Universities are worried about the costs they could incur to restart their labs and the possibility of repeating research work. There is widespread apprehension that “grantees may not be able to carry out the research promised under the terms of their awards.” Toby Smith, Vice President for policy at the Association of American Universities, notes that: “The longer the crisis lasts, the larger the impact on the overall scientific workforce, from doctoral students who can’t finish their dissertations to scientists at core user facilities that no longer have customers to pay the bills.” Therefore, U.S. university leaders have urged the White House Office of Management and Budget to reconsider the rules around research grants so that universities can cope with the unexpected delays and disruptions in planned research projects.   
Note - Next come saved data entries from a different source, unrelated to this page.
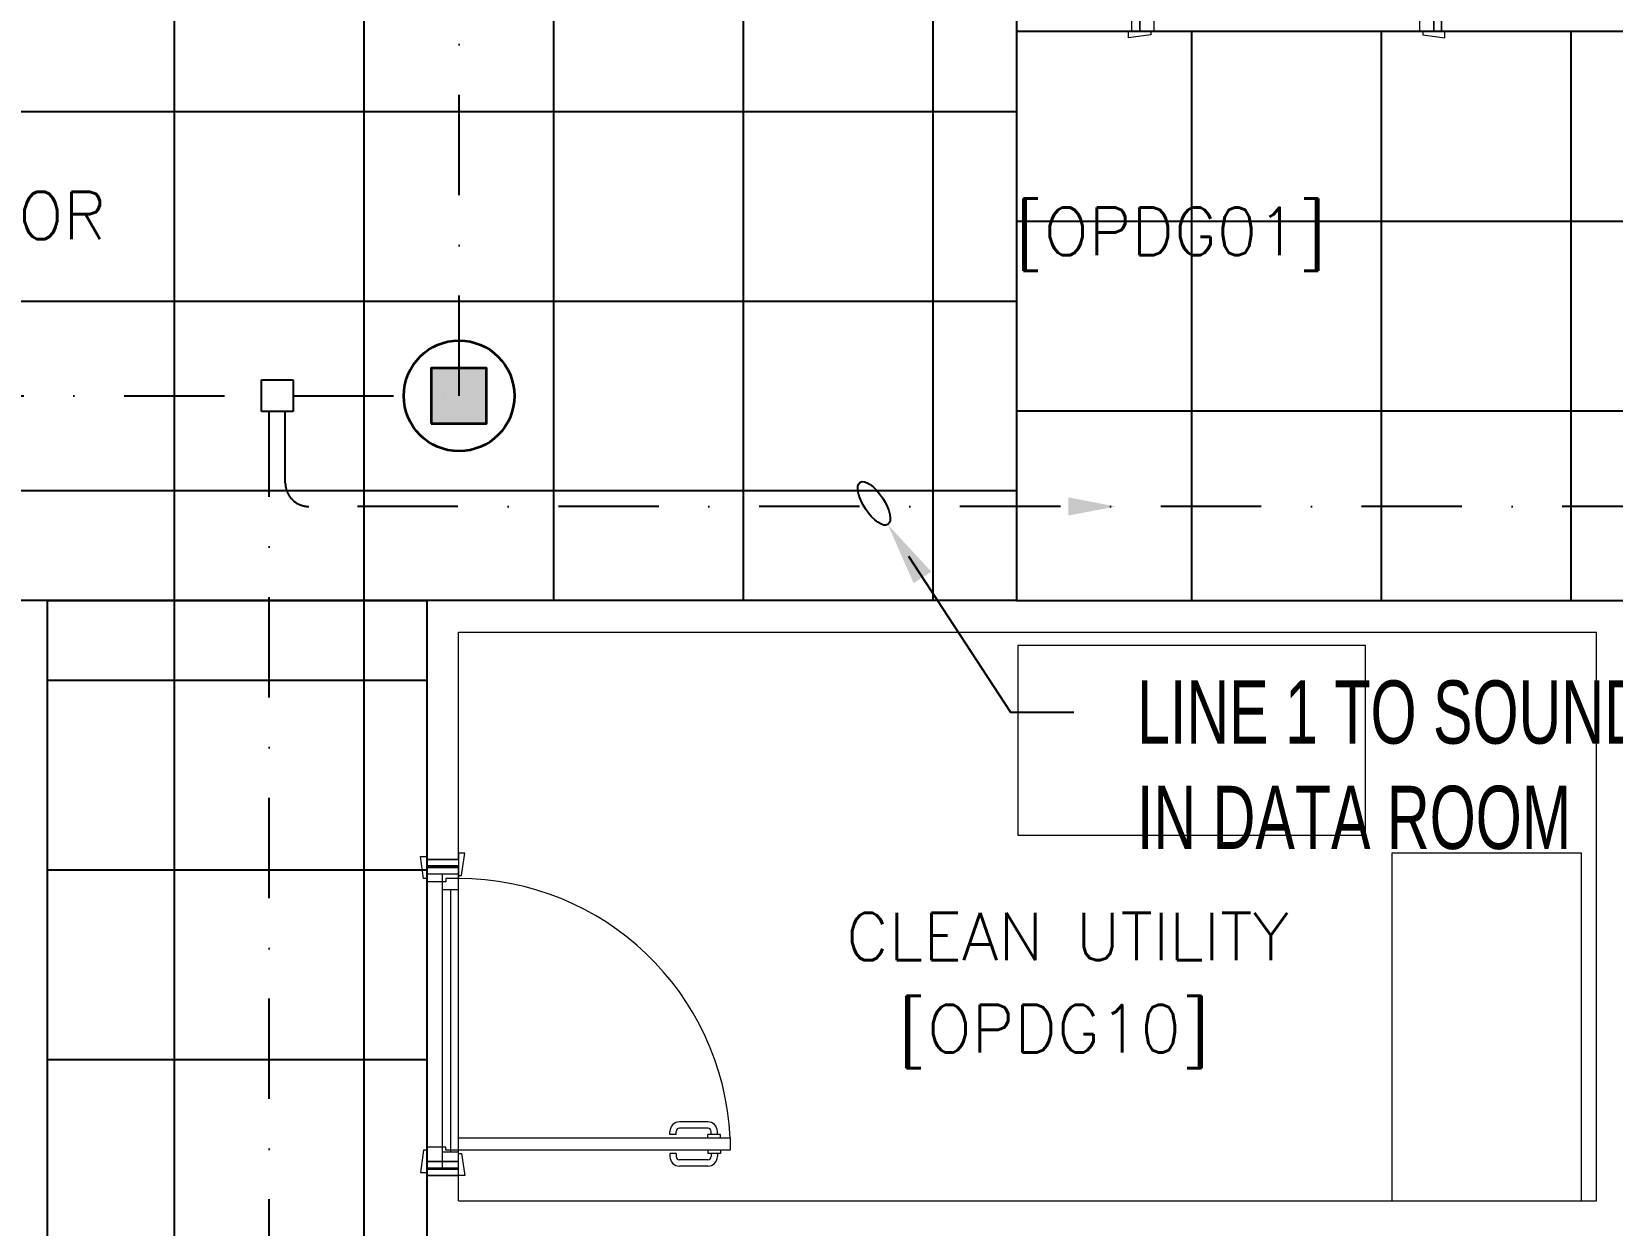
# Model space of a CAD drawing. Header units: inches. Extents: x -12418 to 472786, y -29325 to 19878.
# Drawn here: x 9148 to 14148, y -4725 to -947 of the extents above; entities that cross this region are included whole.
import ezdxf
from ezdxf import colors
from ezdxf.entities.mleader import LeaderData, LeaderLine
from ezdxf.math import Vec2, Vec3

# ---------------------------------------------------------------- set-up
doc = ezdxf.new("R2010")
doc.units = ezdxf.units.IN
doc.header["$LTSCALE"] = 25
doc.header["$MEASUREMENT"] = 0
doc.linetypes.add('DASHDOT', pattern=[25.4, 12.7, -6.35, 0, -6.35])
doc.layers.get('0').update_dxf_attribs({"color": 8})
for name, color, linetype, lineweight in [('00-Ground Floor$0$72_EGR_BASE_TEXT', 252, 'Continuous', 5), ('00-Ground Floor$0$Aluminum', 251, 'Continuous', 5), ('00-Ground Floor$0$LOADING', 253, 'Continuous', 5), ('00-Ground Floor$0$Walls', 251, 'Continuous', 5), ('00-Ground Floor$0$Wooden Joinery', 251, 'Continuous', 5), ('E-LITE-CLNG-CNDT', 6, 'DASHDOT', 35), ('T-DATA-TEXT', 2, 'Continuous', 25), ('T-INTC-CLNG @ 100', 33, 'Continuous', 35), ('T-INTC-DEVC-NUMB', 2, 'Continuous', 25), ('T-SOUN-CLNG-CNDT', 3, 'DASHDOT', 25), ('T-SOUN-CLNG-CNDT @ 100', 3, 'DASHDOT', 25)]:
    doc.layers.add(name, color=color, linetype=linetype, lineweight=lineweight)
doc.layers.add('00-Ground Floor$0$False Ceiling', color=251, linetype='Continuous')
doc.styles.add('00-Ground Floor$0$SIMPLEX', font='SIMPLEX.shx', dxfattribs={"height": 150})
doc.styles.add('DC_Elc_Romans', font='elc_romans.shx', dxfattribs={"width": 0.7})
doc.styles.add('DC_Simplex', font='SIMPLEX.shx', dxfattribs={"width": 0.7})

# ---------------------------------------------------------------- blocks, each defined once
blk = doc.blocks.new('00-Ground Floor$0$A$C72370EFE')
at = {"layer": '00-Ground Floor$0$Wooden Joinery'}
for p, q in [((-0.01, -0.04), (-0.02, -0.04)), ((-0.01, -0.03), (-0.01, -0.07)), ((0, -0.03), (-0.01, -0.03)), ((0.04, -0.03), (0.05, -0.03)), ((0.05, -0.03), (0.05, -0.07)), ((0.05, -0.04), (0.06, -0.04)), ((-0.05, -0.07), (-0.05, -0.16)), ((-0.03, -0.07), (-0.03, -0.16)), ((-0.01, -0.06), (-0.02, -0.06)), ((0, -0.07), (-0.01, -0.07)), ((0.04, -0.07), (0.05, -0.07)), ((0.05, -0.06), (0.06, -0.06)), ((0.07, -0.07), (0.07, -0.16)), ((0.09, -0.07), (0.09, -0.16)), ((-0.01, -0.17), (-0.02, -0.17)), ((-0.01, -0.19), (-0.02, -0.19)), ((-0.01, -0.17), (-0.01, -0.19)), ((0.05, -0.17), (0.06, -0.17)), ((0.05, -0.17), (0.05, -0.19)), ((0.05, -0.19), (0.06, -0.19))]:
    blk.add_line(p, q, dxfattribs=at)
for centre, radius, start, end in [((-0.02, -0.07), 0.03, 90, 180), ((0.06, -0.07), 0.03, 0, 90), ((-0.02, -0.07), 0.01, 90, 180), ((0.06, -0.07), 0.01, 0, 90), ((-0.02, -0.16), 0.03, 180, 270), ((-0.02, -0.16), 0.01, 180, 270), ((0.06, -0.16), 0.01, 270, 0), ((0.06, -0.16), 0.03, 270, 0)]:
    blk.add_arc(centre, radius, start, end, dxfattribs=at)
blk = doc.blocks.new('00-Ground Floor$0$A$C5DAD61B4')
at = {"layer": '00-Ground Floor$0$Wooden Joinery'}
for points in [[(80, 959.1), (80, 969.1), (10, 979.1), (10, 959.1)], [(940, 959.1), (940, 969.1), (1010, 979.1), (1010, 959.1)], [(70, 859.1), (70, 849.1), (0, 839.1), (0, 859.1)], [(120, 859.1), (120, 0), (80, 0), (80, 859.1)], [(950, 859.1), (950, 849.1), (1020, 839.1), (1020, 859.1)]]:
    blk.add_lwpolyline(points, close=True, dxfattribs=at)
for points in [[(45, 859.1), (45, 959.1), (20, 959.1), (20, 859.1), (45, 859.1)], [(45, 859.1), (80, 859.1), (80, 899.1), (90, 899.1), (90, 959.1), (45, 959.1), (45, 859.1)], [(975, 859.1), (940, 859.1), (940, 899.1), (930, 899.1), (930, 959.1), (975, 959.1), (975, 859.1)], [(975, 859.1), (975, 959.1), (1000, 959.1), (1000, 859.1), (975, 859.1)]]:
    blk.add_lwpolyline(points, dxfattribs=at)
blk.add_arc((80, 859.1), 860, 272.666, 0, dxfattribs=at)
at = {"layer": '00-Ground Floor$0$Wooden Joinery', "xscale": 999.9999999998854, "yscale": 999.9999999998854, "zscale": 999.9999999998854, "rotation": 180}
blk.add_blockref('00-Ground Floor$0$A$C72370EFE', (120, 0), dxfattribs=at)
blk = doc.blocks.new('00-Ground Floor$0$A$C76ae8329')
at = {"layer": '00-Ground Floor$0$Aluminum'}
for p, q in [((202.1, 404.6), (1182.1, 404.6)), ((227.1, 404.6), (227.1, 304.6)), ((1157.1, 404.6), (1157.1, 304.6)), ((227.1, 354.6), (1157.1, 354.6)), ((277.1, 354.6), (277.1, 304.6)), ((1107.1, 354.6), (1107.1, 304.6)), ((202.1, 304.6), (1182.1, 304.6)), ((1107.1, 329.6), (277.1, 329.6))]:
    blk.add_line(p, q, dxfattribs=at)
at = {"layer": '00-Ground Floor$0$Walls'}
for p, q in [((202.1, 304.6), (202.1, 404.6)), ((202.1, 304.6), (202.1, 404.6)), ((202.1, 404.6), (202.1, 304.6)), ((1182.1, 304.6), (1182.1, 404.6)), ((1182.1, 304.6), (1182.1, 404.6)), ((1182.1, 404.6), (1182.1, 304.6))]:
    blk.add_line(p, q, dxfattribs=at)
blk = doc.blocks.new('00-Ground Floor$0$A$Ce9e1c4c3')
at = {"layer": '00-Ground Floor$0$False Ceiling', "color": 254, "linetype": 'Continuous'}
for p, q in [((-90400, -2747.4), (-90400, 3782.6)), ((-89800, -2747.4), (-89800, 3782.6)), ((-89200, -2747.4), (-89200, 3782.6)), ((-88600, -2747.4), (-88600, 3782.6)), ((-88000, -2747.4), (-88000, 3782.6)), ((-87736.7, 3782.6, 0), (-87736.7, -2747.4, 0)), ((-87736.7, -947.4, 0), (-87736.7, -2747.4, 0)), ((-51182.1, -947.4, 0), (-87736.7, -947.4, 0)), ((-87182.1, -2747.4), (-87182.1, -947.4)), ((-86582.1, -2747.4), (-86582.1, -947.4)), ((-85982.1, -2747.4), (-85982.1, -947.4)), ((-94542.1, -1200), (-87736.7, -1200)), ((-87736.7, -1547.4), (-51182.1, -1547.4)), ((-94542.1, -1800), (-87736.7, -1800)), ((-87736.7, -2147.4), (-51182.1, -2147.4)), ((-94542.1, -2400), (-87736.7, -2400)), ((-87736.7, -2747.4, 0), (-94542.1, -2747.4, 0)), ((-90802.1, -2747.4, 0), (-89602.1, -2747.4, 0)), ((-90802.1, -11267.4, 0), (-90802.1, -2747.4, 0)), ((-90400, -11267.4), (-90400, -2747.4)), ((-89800, -11267.4), (-89800, -2747.4)), ((-89602.1, -2747.4, 0), (-89602.1, -11267.4, 0)), ((-87736.7, -2747.4, 0), (-51182.1, -2747.4, 0)), ((-90802.1, -3000), (-89602.1, -3000)), ((-90802.1, -3600), (-89602.1, -3600)), ((-90802.1, -4200), (-89602.1, -4200))]:
    blk.add_line(p, q, dxfattribs=at)
blk = doc.blocks.new('00-Ground Floor')
at = {"layer": '00-Ground Floor$0$LOADING', "elevation": 0}
for points in [[(12266.9, -2890.1), (12266.9, -3490.1), (13366.9, -3490.1), (13366.9, -2890.1)], [(13450.1, -4647.4), (14050.1, -4647.4), (14050.1, -3547.4), (13450.1, -3547.4)]]:
    blk.add_lwpolyline(points, close=True, dxfattribs=at)
at = {"layer": '00-Ground Floor$0$Walls'}
for p, q in [((12263.3, -376.2, 0), (12263.3, -947.4, 0)), ((13607.9, -847.4, 0), (13607.9, -947.4, 0)), ((12263.3, -947.4, 0), (12627.9, -947.4, 0)), ((13607.9, -947.4, 0), (16752.9, -947.4, 0)), ((9197.9, -2747.4, 0), (9097.9, -2747.4, 0)), ((9197.9, -6447.4, 0), (9197.9, -2747.4, 0)), ((10397.9, -3567.4, 0), (10397.9, -2747.4, 0)), ((10397.9, -2747.4, 0), (14197.9, -2747.4, 0)), ((10497.9, -3567.4, 0), (10497.9, -2847.4, 0)), ((10497.9, -2847.4, 0), (14097.9, -2847.4, 0)), ((14097.9, -4647.4, 0), (14097.9, -2847.4, 0)), ((10497.9, -3567.4, 0), (10397.9, -3567.4, 0)), ((10397.9, -4847.4, 0), (10397.9, -4547.4, 0)), ((10497.9, -4547.4, 0), (10397.9, -4547.4, 0)), ((10497.9, -4647.4, 0), (10497.9, -4547.4, 0)), ((10497.9, -4647.4, 0), (14097.9, -4647.4, 0))]:
    blk.add_line(p, q, dxfattribs=at)
at = {"rotation": 90}
blk.add_blockref('00-Ground Floor$0$A$C76ae8329', (10802.6, -4769.6, 0), dxfattribs=at)
at = {"layer": '00-Ground Floor$0$False Ceiling', "color": 254}
blk.add_blockref('00-Ground Floor$0$A$Ce9e1c4c3', (100000, 0), dxfattribs=at)
at = {"layer": '00-Ground Floor$0$Wooden Joinery', "xscale": -1, "rotation": 180}
blk.add_blockref('00-Ground Floor$0$A$C5DAD61B4', (12607.9, 11.6, 0), dxfattribs=at)
at = {"layer": '00-Ground Floor$0$Wooden Joinery', "rotation": 89.99999999999999}
blk.add_blockref('00-Ground Floor$0$A$C5DAD61B4', (11357, -4567.4, 0), dxfattribs=at)
at = {"layer": '00-Ground Floor$0$72_EGR_BASE_TEXT', "char_height": 150, "attachment_point": 2, "style": '00-Ground Floor$0$SIMPLEX'}
for s, insert in [('PATHWAY WAS ENLARGED\\PTO BE SAME WIDTH AS CORRIDOR', (7695.5, -1204)), ('[OPDG01]', (12751.5, -1504.5, 0)), ('CLEAN UTILITY', (12424.6, -3736)), ('[OPDG10]', (12381.7, -4027.4, 0))]:
    blk.add_mtext(s, dxfattribs=dict(at, insert=insert))
blk = doc.blocks.new('DC_PA-CL-Speaker')
blk.add_hatch(color=256).paths.add_polyline_path([(-0.883, -0.87), (0.865, -0.87), (0.865, 0.878), (-0.883, 0.878)])
blk.add_lwpolyline([(-0.883, -0.87), (0.865, -0.87), (0.865, 0.878), (-0.883, 0.878)], close=True)
blk.add_circle((0, 0), 1.75)
at = {"layer": 'T-INTC-DEVC-NUMB', "style": 'DC_Simplex', "width": 0.7}
blk.add_attdef('DC_CONTROL', (3.364, 2.471), '', height=2, rotation=360, dxfattribs=at)
blk = doc.blocks.new('DC_Arrow-ArrowEllipse')
at = {"color": 0}
blk.add_ellipse((0, 0), major_axis=(0.4, 0), ratio=0.4, dxfattribs=at)
at = {"color": 0, "ltscale": 0.5}
blk.add_solid([(-1.4, 0.167), (-0.4, 0), (-1.4, -0.167)], dxfattribs=at)
blk = doc.blocks.new('*U27')
blk.add_hatch(color=256).paths.add_polyline_path([(0, 0.287), (-1.5, 0), (0, -0.287)])

msp = doc.modelspace()

# ---------------------------------------------------------------- linework, layer by layer
at = {"layer": 'T-SOUN-CLNG-CNDT'}
for points in [[(10500, -2100), (10499.1, 2700)], [(9874.9, -2049.7), (9974.9, -2049.7), (9974.9, -2149.7), (9874.9, -2149.7), (9874.9, -2049.7)], [(6900, -2100), (9874.9, -2099.7)], [(9974.9, -2099.7), (10500, -2099.6)], [(9900, -7500), (9899.4, -2149.7)]]:
    msp.add_lwpolyline(points, dxfattribs=at)
msp.add_lwpolyline([(20733.1, -5747.4), (20733.1, -2525.1, 0.414214), (20658.1, -2450.1), (10025.3, -2450.1, -0.414246), (9950.3, -2375.1), (9950.4, -2149.7)], format="xyb", dxfattribs=at)

# ---------------------------------------------------------------- block references
at = {"layer": 'E-LITE-CLNG-CNDT'}
msp.add_blockref('00-Ground Floor', (0, 0), dxfattribs=at)
at = {"layer": 'T-INTC-CLNG @ 100', "xscale": 100, "yscale": 100, "zscale": 100}
msp.add_blockref('DC_PA-CL-Speaker', (10500, -2100), dxfattribs=at)
at = {"layer": 'T-SOUN-CLNG-CNDT @ 100', "color": 3, "xscale": 100.0000000000002, "yscale": 100.0000000000002, "zscale": 100.0000000000002, "rotation": 180}
msp.add_blockref('*U27', (12427.2, -2450.1), dxfattribs=at)

# ---------------------------------------------------------------- leaders
at = {"layer": 'T-DATA-TEXT'}
ml = msp.add_multileader_mtext('Standard', dxfattribs=at)
ml.set_content('LINE 1 TO SOUND RACK\\PIN DATA ROOM  ', color=256, style='DC_Elc_Romans')
ml.set_leader_properties(color=45)
ml.set_arrow_properties(name='DC_Arrow-ArrowEllipse')
ml.build(insert=Vec2(0, 0))
ml.multileader.update_dxf_attribs({"dogleg_length": 2, "arrow_head_size": 200, "scale": 100})
ctx = ml.context
ctx.base_point, ctx.scale, ctx.char_height, ctx.arrow_head_size, ctx.landing_gap_size, ctx.plane_origin = Vec3(12444.3, -3100.5, 0), 100, 200, 200, 200, Vec3(17205.9, 2234.9, 0)
notes = []
notes.append((ctx, [(0, (1, 1, 0), (12244.3, -3100.5, 0), (1, 0), 200, [(0, [(11812.3, -2440.2, 0)], 0, [])])]))
ctx.mtext.insert, ctx.mtext.width, ctx.mtext.flow_direction = Vec3(12644.3, -3000.5, 0), 2820.295, 5
for ctx, leaders in notes:
    for number, flags, end, landing, length, lines in leaders:
        leader = LeaderData()
        leader.index, (leader.has_last_leader_line, leader.has_dogleg_vector, leader.attachment_direction) = number, flags
        leader.last_leader_point, leader.dogleg_vector, leader.dogleg_length = Vec3(end), Vec3(landing), length
        for number, points, colour, breaks in lines:
            line = LeaderLine()
            line.index, line.vertices, line.color, line.breaks = number, Vec3.list(points), colors.encode_raw_color(colour), breaks
            leader.lines.append(line)
        ctx.leaders.append(leader)

doc.saveas('drawing.dxf')

Perhaps one of the top concerns of academics is the impact of the pandemic on the investment in science and research over the next few years. The outbreak is exerting an extraordinary impact on the economy world over. Moreover, federal budgeting is likely to get strained due to this health crisis. European Commission president Ursula von der Leyen expressed concern that the budget for Horizon Europe, the European Union’s research framework programme, could get affected as member states may be cash strapped.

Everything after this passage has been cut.